**Prompt**
All of the records below are to be output exactly; no image belongs in the result.

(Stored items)
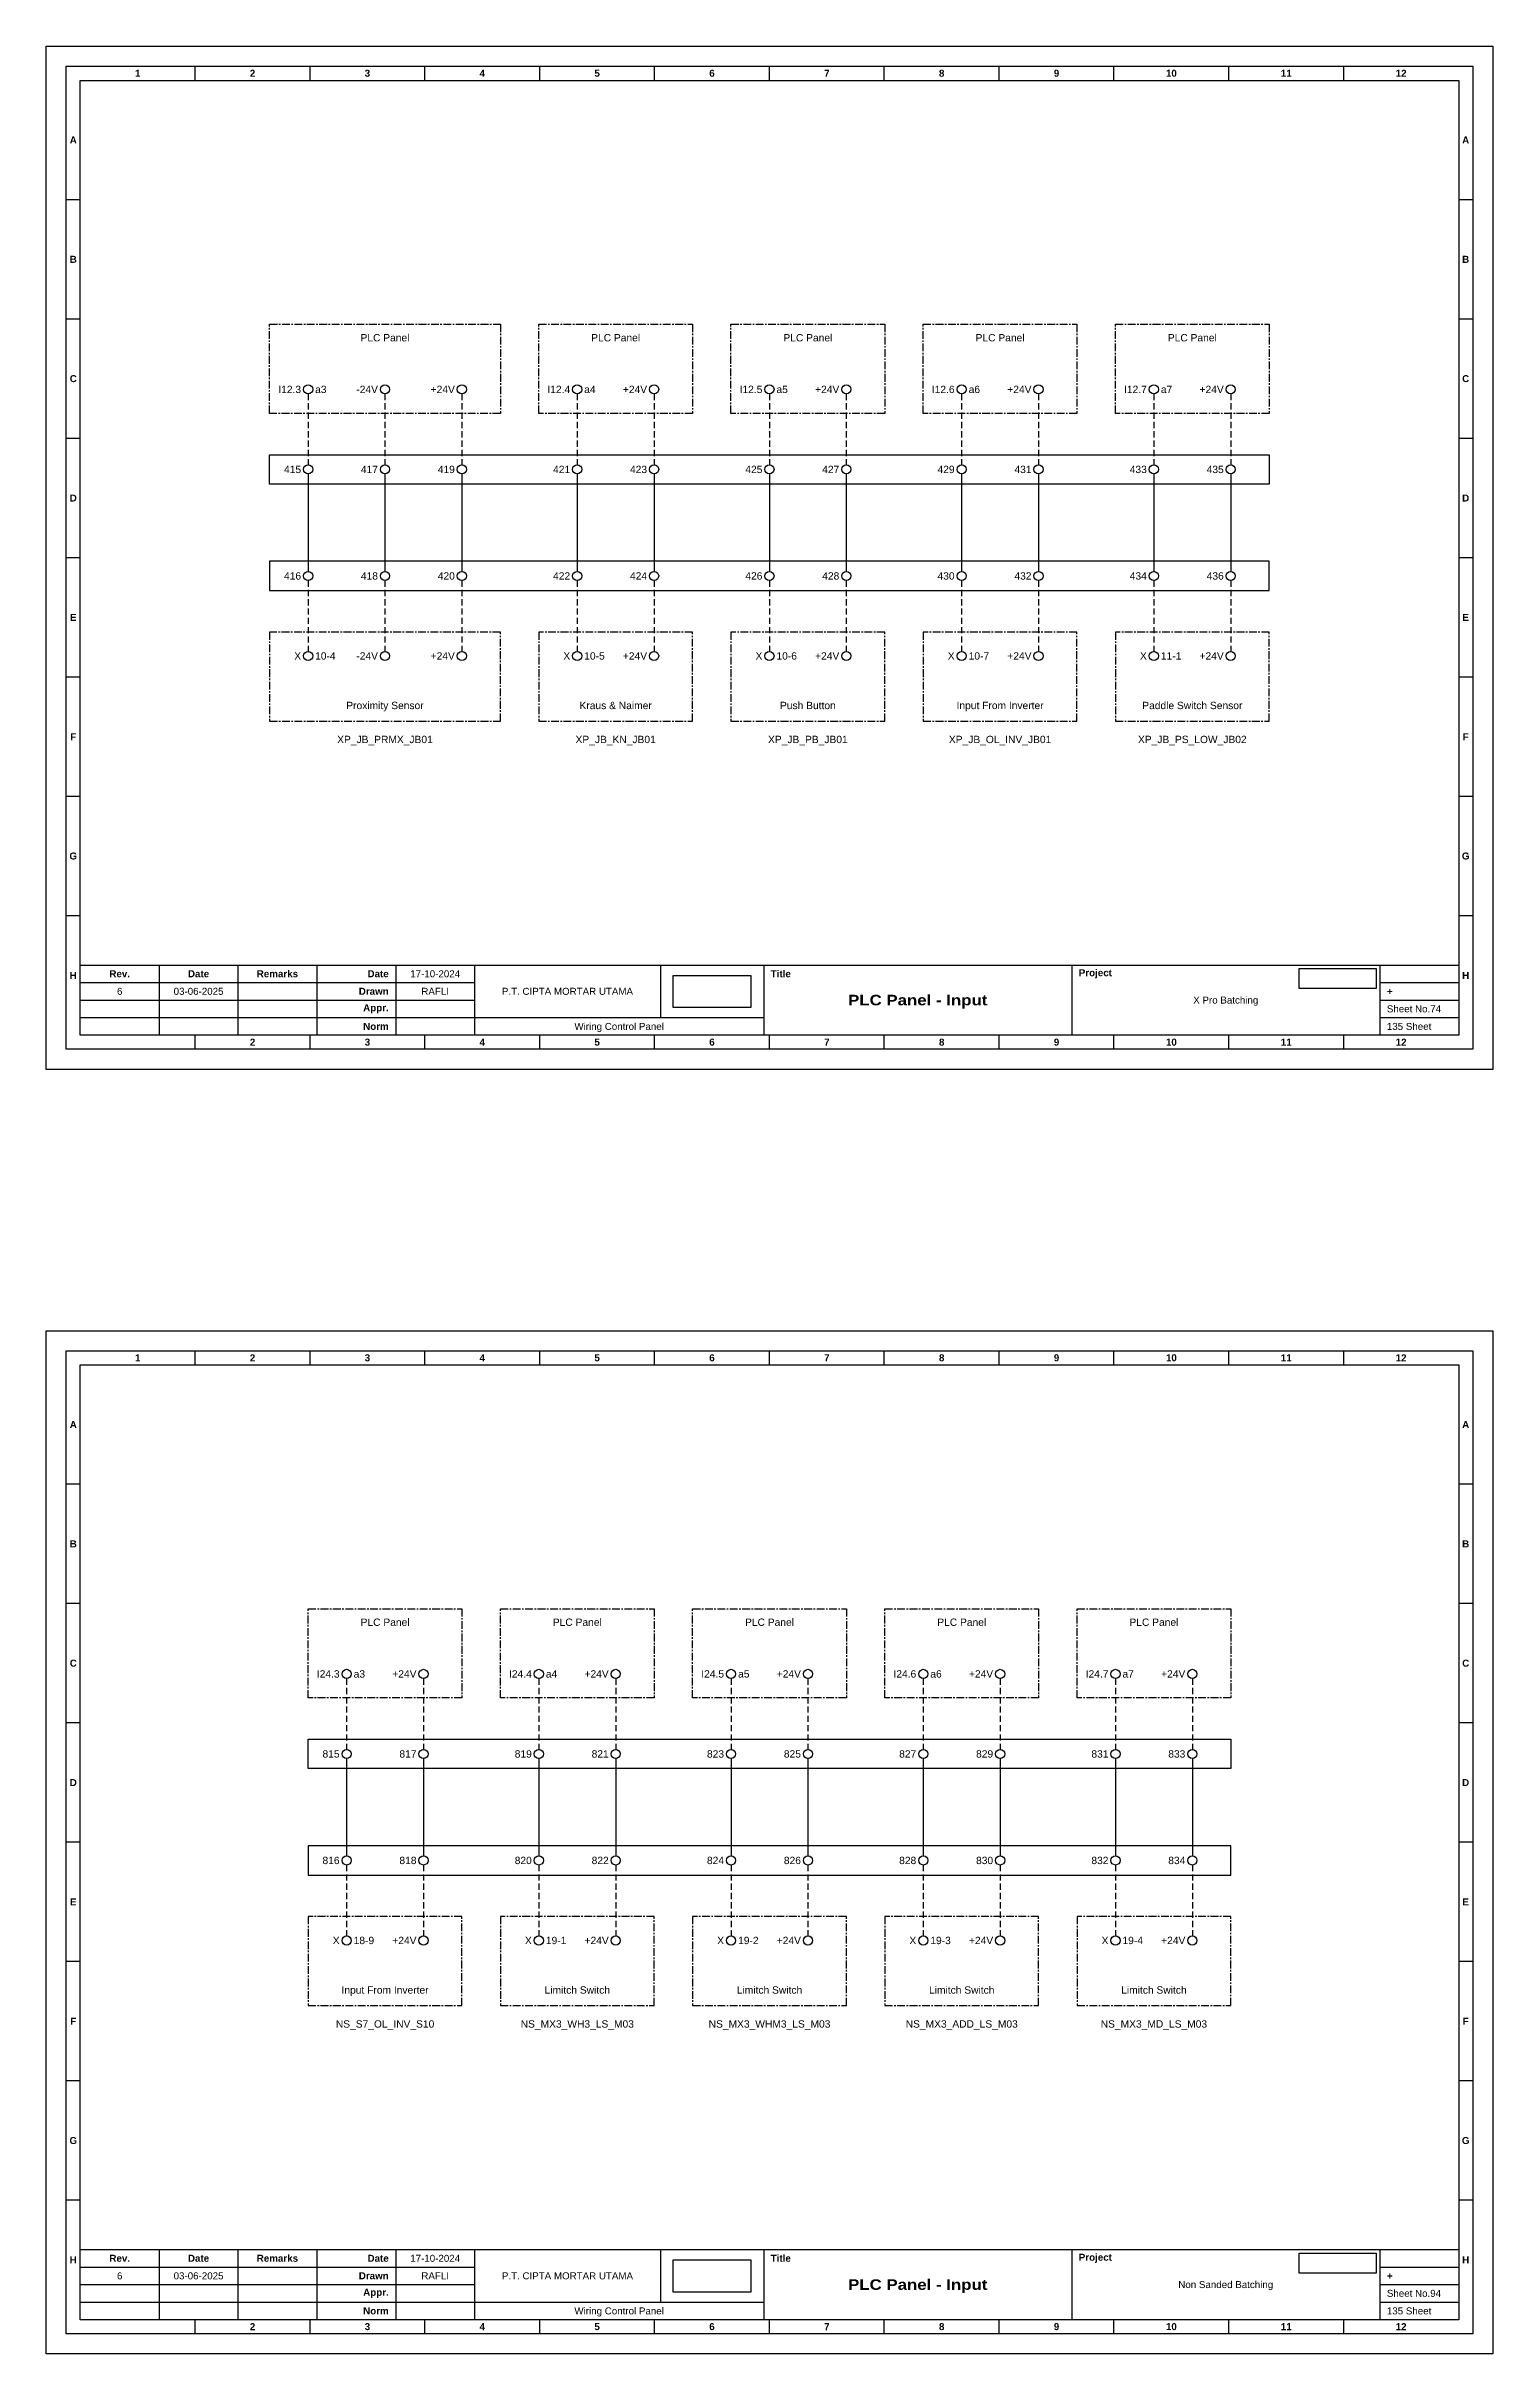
# Model space of a CAD drawing. Header units: millimetres. Extents: x 2277 to 9242, y 1004 to 1739.
# Drawn here: x 4734.2 to 5030.3, y 1003.8 to 1475.9 of the extents above; entities that cross this region are included whole.
import ezdxf
from ezdxf.enums import TextEntityAlignment as Align

# ---------------------------------------------------------------- set-up
doc = ezdxf.new("R2010")
doc.units = ezdxf.units.MM
doc.linetypes.add('CENTER', pattern=[50.8, 31.75, -6.35, 6.35, -6.35])
doc.linetypes.add('HIDDEN', pattern=[9.525, 6.35, -3.175])
doc.styles.add('Bold', font='ariblk.ttf', dxfattribs={"height": 25.4})
doc.styles.get("Standard").update_dxf_attribs({"font": 'arial.ttf'})
picture_1 = doc.add_image_def('image1.png', size_in_pixel=(2048, 847))
picture_2 = doc.add_image_def('image2.png', size_in_pixel=(2092, 542))

# ---------------------------------------------------------------- blocks, each defined once
blk = doc.blocks.new('KOP MU PROJECT')
at = {"color": 6, "ltscale": 50}
for p, q in [((27.74, 184.05), (27.74, 186.66)), ((49.13, 184.05), (49.13, 186.66)), ((70.51, 184.05), (70.51, 186.66)), ((91.89, 184.05), (91.89, 186.66)), ((113.27, 184.05), (113.27, 186.66)), ((134.66, 184.05), (134.66, 186.66)), ((156.04, 184.05), (156.04, 186.66)), ((177.42, 184.05), (177.42, 186.66)), ((198.8, 184.05), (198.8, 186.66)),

**Solved problem**
# Model space of a CAD drawing. Header units: millimetres. Extents: x 2277 to 9242, y 1004 to 1739.
# Drawn here: x 4734.2 to 5030.3, y 1003.8 to 1475.9 of the extents above; entities that cross this region are included whole.
import ezdxf
from ezdxf.enums import TextEntityAlignment as Align

# ---------------------------------------------------------------- set-up
doc = ezdxf.new("R2010")
doc.units = ezdxf.units.MM
doc.linetypes.add('CENTER', pattern=[50.8, 31.75, -6.35, 6.35, -6.35])
doc.linetypes.add('HIDDEN', pattern=[9.525, 6.35, -3.175])
doc.styles.add('Bold', font='ariblk.ttf', dxfattribs={"height": 25.4})
doc.styles.get("Standard").update_dxf_attribs({"font": 'arial.ttf'})
picture_1 = doc.add_image_def('image1.png', size_in_pixel=(2048, 847))
picture_2 = doc.add_image_def('image2.png', size_in_pixel=(2092, 542))

# ---------------------------------------------------------------- blocks, each defined once
blk = doc.blocks.new('KOP MU PROJECT')
at = {"color": 6, "ltscale": 50}
for p, q in [((27.74, 184.05), (27.74, 186.66)), ((49.13, 184.05), (49.13, 186.66)), ((70.51, 184.05), (70.51, 186.66)), ((91.89, 184.05), (91.89, 186.66)), ((113.27, 184.05), (113.27, 186.66)), ((134.66, 184.05), (134.66, 186.66)), ((156.04, 184.05), (156.04, 186.66)), ((177.42, 184.05), (177.42, 186.66)), ((198.8, 184.05), (198.8, 186.66)),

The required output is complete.